Business ethics represents an important aspect that influences each country’s socio-economic system, and is important to society, environment, and economy. The present article aims to define significant attributes of business ethics in the sector of small and medium-sized enterprises (SMEs) and compares their attitudes within the three most significant business sectors in the Visegrad Group countries (V4 countries: Czech Republic, Slovak Republic, Poland, and Hungary). An empirical study, focusing on the attitudes of small and medium-sized firms, was conducted in June 2022 in Visegrad Group countries through the reputable hired company MNFORCE, using the Computer Assisted Web Interviewing research method.
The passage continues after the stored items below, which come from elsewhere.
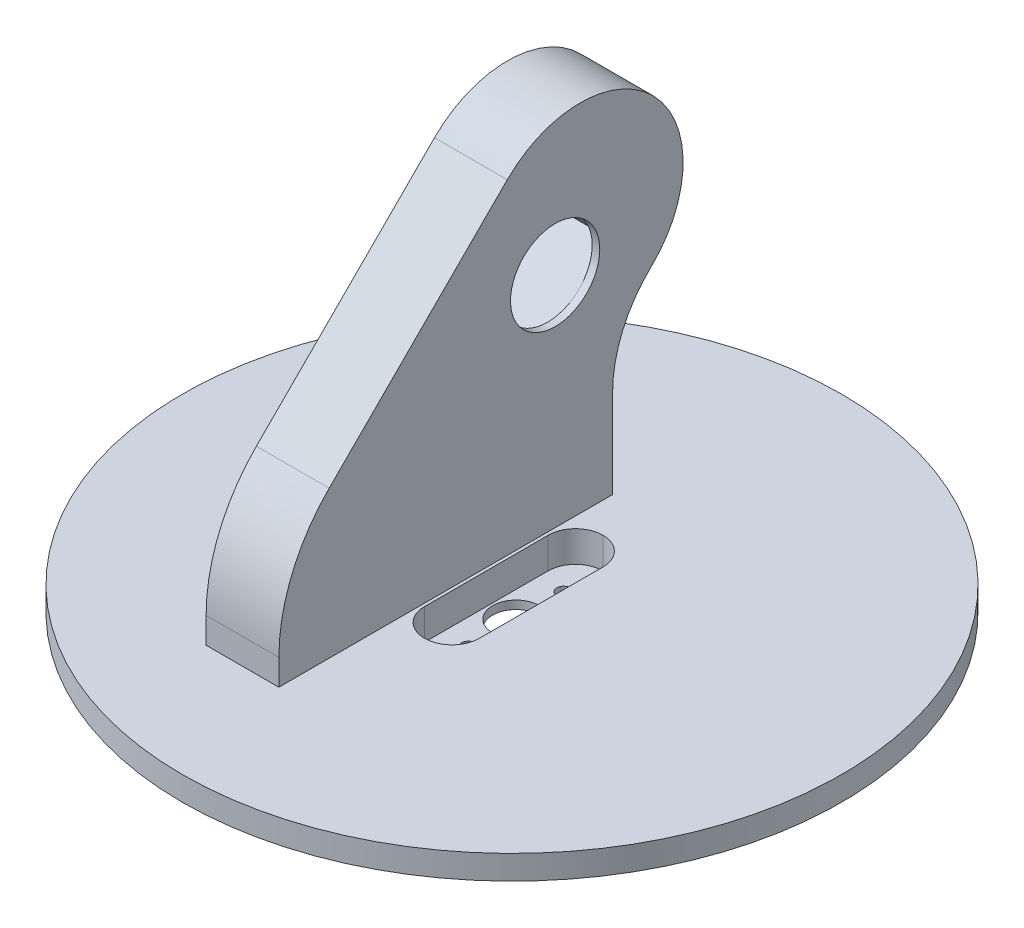
SolidWorks part; units mm, degrees
ref_plane "Front Plane" through (0, 0, 0) normal (0, 0, 1) x (1, 0, 0)
ref_plane "Top Plane" through (0, 0, 0) normal (0, 1, 0) x (1, 0, 0)
ref_plane "Right Plane" through (0, 0, 0) normal (1, 0, 0) x (0, 0, -1)
sketch "Sketch2" plane through (0, 0, 0) normal (0, 1, 0) x (1, 0, 0)
  circle A0 centre (0, 0) radius 48
  dimension "D1" = 96
extrude "Boss-Extrude1" add sketch "Sketch2" along normal blind 3.5
ref_plane "Plane1" through (-4, 0, 0) normal (1, 0, 0) x (0, 0, -1)
sketch "Sketch7" plane through (-4, 0, 0) normal (1, 0, 0) x (0, 0, -1)
  line L0 (18.6521, 16.3561) -> (18.6521, 3.5)
  line L5 (48, 3.5) -> (-48, 3.5) construction
  line L6 (-22.6311, 24.9401) -> (3.3119, 50.8831)
  line L7 (-43.5609, 3.5) -> (18.6521, 3.5)
  line L11 (-29.9535, 3.5) -> (-29.9535, 7.2624)
  arc A4 (24.252, 29.4036) -> (3.3119, 50.8831) centre (13.9185, 40.2765) ccw
  arc A5 (24.252, 29.4036) -> (18.6521, 16.3561) centre (36.6521, 16.3561) ccw
  arc A6 (-22.6311, 24.9401) -> (-29.9535, 7.2624) centre (-4.9535, 7.2624) ccw
  dimension "D1" = 25
  dimension "D4" = 30
  dimension "D3" = 18
  dimension "D5" = 45
extrude "Boss-Extrude2" add sketch "Sketch7" against normal blind 10.6 contours A5 A4 L6 L7 L0 | A4 | A4 | A4 | L6 A6 L7 region at (-4, 25.827, -1.7732)
ref_plane "Plane2" through (-6, 0, 0) normal (1, 0, 0) x (0, 0, -1)
sketch "Sketch31" plane through (-14.6, 10.4618, -5.3595) normal (-1, 0, 0) x (0, 0, 1)
  line L0 (-5.4155, 34.0546) -> (11.7496, 18.7458)
  line L1 (11.7496, 18.7458) -> (3.0968, 9.0438)
  line L2 (3.0968, 9.0438) -> (-14.0683, 24.3526)
  line L3 (-14.0683, 24.3526) -> (-5.4155, 34.0546)
  circle A0 centre (-4.9225, 24.9054) radius 6.5
  dimension "D1" = 6.5
extrude "Cut-Extrude18" cut sketch "Sketch31" against normal through all contours A0
extrude "Cut-Extrude19" cut sketch "Sketch31<3>" against normal blind 9.5 contours L0 L1 L2 L3
sketch "Sketch31<3>" plane through (-14.6, 10.4618, -5.3595) normal (-1, 0, 0) x (0, 0, 1) same geometry as "Sketch31"
sketch "Sketch32" plane through (-14.6, 0, 0) normal (-1, 0, 0) x (0, 0, 1)
  line L0 (6.3901, 29.2076) -> (-2.2627, 19.5056) construction
  circle A0 centre (-17.0806, 41.2645) radius 1
  circle A1 centre (3.9294, 22.6926) radius 1
  arc A3 (-14.6084, 40.2182) -> (-15.5944, 39.1126) centre (-10.282, 35.3672) ccw construction
  dimension "D1" = 2.5
  dimension "D2" = 2.5
extrude "Cut-Extrude20" cut sketch "Sketch32" against normal blind 4.5
sketch "Sketch33" plane through (0, 0, 0) normal (0, -1, 0) x (1, 0, 0)
  circle A0 centre (0, 0) radius 42.5
  dimension "D1" = 85
extrude "Boss-Extrude3" add sketch "Sketch33" along normal blind 2.2
sketch "Sketch34" plane through (-3.5685, 3.5, 15.3455) normal (0, 1, 0) x (1, 0, 0)
  line L1 (0, 2.1692) -> (8, 2.1692)
  line L2 (0, 2.1692) -> (0, 28.1692)
  line L3 (0, 28.1692) -> (8, 28.1692)
  line L4 (8, 2.1692) -> (8, 28.1692)
  dimension "D1" = 26
  dimension "D2" = 8
extrude "Cut-Extrude21" cut sketch "Sketch34" against normal blind 4.5
sketch "Sketch35" plane through (64.9204, 3.5, -6.6124) normal (0, 1, 0) x (1, 0, 0)
  circle A0 centre (-64.7222, -6.2183) radius 3.43
  dimension "D1" = 6.86
extrude "Cut-Extrude22" cut sketch "Sketch35" against normal through all
fillet "Fillet1" radius 4 4 edges at (4.4315, 1.25, 13.1763) (-3.5685, 1.25, 13.1763) (4.4315, 1.25, -12.8237) (-3.5685, 1.25, -12.8237)
sketch "Sketch38" plane through (0, -1, 0) normal (0, 1, 0) x (1, 0, 0)
  circle A0 centre (0.1982, 7.3241) radius 1
  circle A1 centre (0.1982, -6.5359) radius 1
  circle A3 centre (0.1982, 0.3941) radius 3.43 construction
  dimension "D1" = 3.5
  dimension "D2" = 3.5
extrude "Cut-Extrude25" cut sketch "Sketch38" against normal blind 4.5

The total number of respondents in the Visegrad Group countries was 1,398. Statistical hypotheses were tested using descriptive statistics, chi-square, and Z-score at a significance level of α = 5%. The most important conclusion of this research is that there are no significant differences in the approach of SMEs to business ethics based on the sector in which the companies operate. Some notable differences in attitudes among SMEs in Slovakia and the Czech Republic were identified, but these were marginal. Therefore, differences in the transformation process within selected economic sectors do not impact the formation of attitudes of small and medium-sized companies in business ethics. It is evident that business ethics is significantly determined primarily by the personal characteristics of the owner/manager of the company, and the specificities of individual sectors do not influence this field.